* Items from a data source:
<<<<
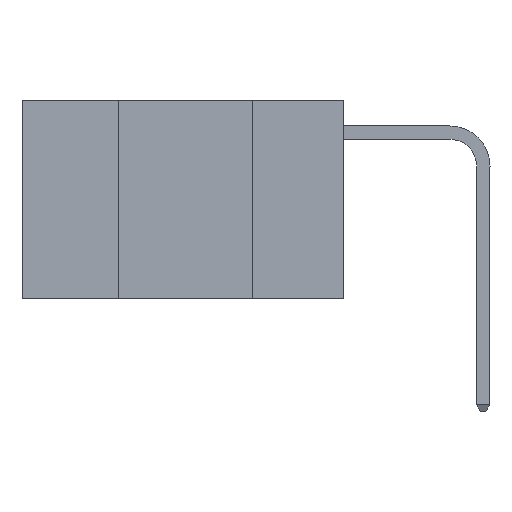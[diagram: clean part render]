
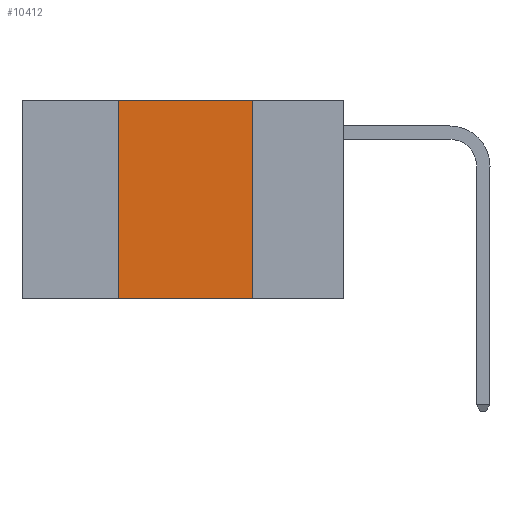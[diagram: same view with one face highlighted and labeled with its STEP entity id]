
A CAD part, left-side view. The second image highlights one B-rep face of the part: STEP entity #10412.
In plain terms, the highlighted planar face has unit normal (-1, 0, 0).
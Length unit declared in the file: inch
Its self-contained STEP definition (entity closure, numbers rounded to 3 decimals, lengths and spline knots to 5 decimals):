
#20 = VECTOR ( 'NONE', #2450, 39.37008 ) ;
#257 = AXIS2_PLACEMENT_3D ( 'NONE', #5373, #7796, #312 ) ;
#312 = DIRECTION ( 'NONE',  ( 0., 0., -1. ) ) ;
#347 = DIRECTION ( 'NONE',  ( 0., -1., 0. ) ) ;
#652 = EDGE_CURVE ( 'NONE', #5702, #6653, #10006, .T. ) ;
#2450 = DIRECTION ( 'NONE',  ( 0., 0., 1. ) ) ;
#3604 = VECTOR ( 'NONE', #347, 39.37008 ) ;
#3770 = CARTESIAN_POINT ( 'NONE',  ( 0., 0.42, 0. ) ) ;
#4033 = DIRECTION ( 'NONE',  ( 0., -1., 0. ) ) ;
#4345 = DIRECTION ( 'NONE',  ( 0., 0., -1. ) ) ;
#5373 = CARTESIAN_POINT ( 'NONE',  ( 0., 0.6, 0. ) ) ;
#5490 = VECTOR ( 'NONE', #4345, 39.37008 ) ;
#5654 = CARTESIAN_POINT ( 'NONE',  ( 0., 0.42, 0. ) ) ;
#5702 = VERTEX_POINT ( 'NONE', #5654 ) ;
#5722 = VERTEX_POINT ( 'NONE', #10473 ) ;
#5958 = ORIENTED_EDGE ( 'NONE', *, *, #15518, .T. ) ;
#6263 = FACE_OUTER_BOUND ( 'NONE', #14859, .T. ) ;
#6589 = PLANE ( 'NONE',  #257 ) ;
#6653 = VERTEX_POINT ( 'NONE', #12188 ) ;
#6658 = EDGE_CURVE ( 'NONE', #10934, #5702, #9901, .T. ) ;
#7796 = DIRECTION ( 'NONE',  ( 1., 0., 0. ) ) ;
#7866 = VECTOR ( 'NONE', #4033, 39.37008 ) ;
#8244 = LINE ( 'NONE', #9994, #7866 ) ;
#9837 = EDGE_CURVE ( 'NONE', #6653, #5722, #15392, .T. ) ;
#9901 = LINE ( 'NONE', #3770, #20 ) ;
#9994 = CARTESIAN_POINT ( 'NONE',  ( 0., 0.6, -0.37 ) ) ;
#10006 = LINE ( 'NONE', #13778, #3604 ) ;
#10412 = ADVANCED_FACE ( 'NONE', ( #6263 ), #6589, .F. ) ;
#10473 = CARTESIAN_POINT ( 'NONE',  ( 0., 0.17, -0.37 ) ) ;
#10934 = VERTEX_POINT ( 'NONE', #13639 ) ;
#12188 = CARTESIAN_POINT ( 'NONE',  ( 0., 0.17, 0. ) ) ;
#13021 = ORIENTED_EDGE ( 'NONE', *, *, #652, .F. ) ;
#13639 = CARTESIAN_POINT ( 'NONE',  ( 0., 0.42, -0.37 ) ) ;
#13778 = CARTESIAN_POINT ( 'NONE',  ( 0., 0.6, 0. ) ) ;
#13955 = ORIENTED_EDGE ( 'NONE', *, *, #6658, .F. ) ;
#14859 = EDGE_LOOP ( 'NONE', ( #15234, #13021, #13955, #5958 ) ) ;
#15079 = CARTESIAN_POINT ( 'NONE',  ( 0., 0.17, 0. ) ) ;
#15234 = ORIENTED_EDGE ( 'NONE', *, *, #9837, .F. ) ;
#15392 = LINE ( 'NONE', #15079, #5490 ) ;
#15518 = EDGE_CURVE ( 'NONE', #10934, #5722, #8244, .T. ) ;
>>>>
* INSTRUCTIONS TO FOLLOW: Look above for the line that holds "#7866 = VECTOR ( 'NONE', #4033, 39.37008 ) ;", then copy it and each line after it exactly, through the last line of the data.

* TASK ANSWER:
#7866 = VECTOR ( 'NONE', #4033, 39.37008 ) ;
#8244 = LINE ( 'NONE', #9994, #7866 ) ;
#9837 = EDGE_CURVE ( 'NONE', #6653, #5722, #15392, .T. ) ;
#9901 = LINE ( 'NONE', #3770, #20 ) ;
#9994 = CARTESIAN_POINT ( 'NONE',  ( 0., 0.6, -0.37 ) ) ;
#10006 = LINE ( 'NONE', #13778, #3604 ) ;
#10412 = ADVANCED_FACE ( 'NONE', ( #6263 ), #6589, .F. ) ;
#10473 = CARTESIAN_POINT ( 'NONE',  ( 0., 0.17, -0.37 ) ) ;
#10934 = VERTEX_POINT ( 'NONE', #13639 ) ;
#12188 = CARTESIAN_POINT ( 'NONE',  ( 0., 0.17, 0. ) ) ;
#13021 = ORIENTED_EDGE ( 'NONE', *, *, #652, .F. ) ;
#13639 = CARTESIAN_POINT ( 'NONE',  ( 0., 0.42, -0.37 ) ) ;
#13778 = CARTESIAN_POINT ( 'NONE',  ( 0., 0.6, 0. ) ) ;
#13955 = ORIENTED_EDGE ( 'NONE', *, *, #6658, .F. ) ;
#14859 = EDGE_LOOP ( 'NONE', ( #15234, #13021, #13955, #5958 ) ) ;
#15079 = CARTESIAN_POINT ( 'NONE',  ( 0., 0.17, 0. ) ) ;
#15234 = ORIENTED_EDGE ( 'NONE', *, *, #9837, .F. ) ;
#15392 = LINE ( 'NONE', #15079, #5490 ) ;
#15518 = EDGE_CURVE ( 'NONE', #10934, #5722, #8244, .T. ) ;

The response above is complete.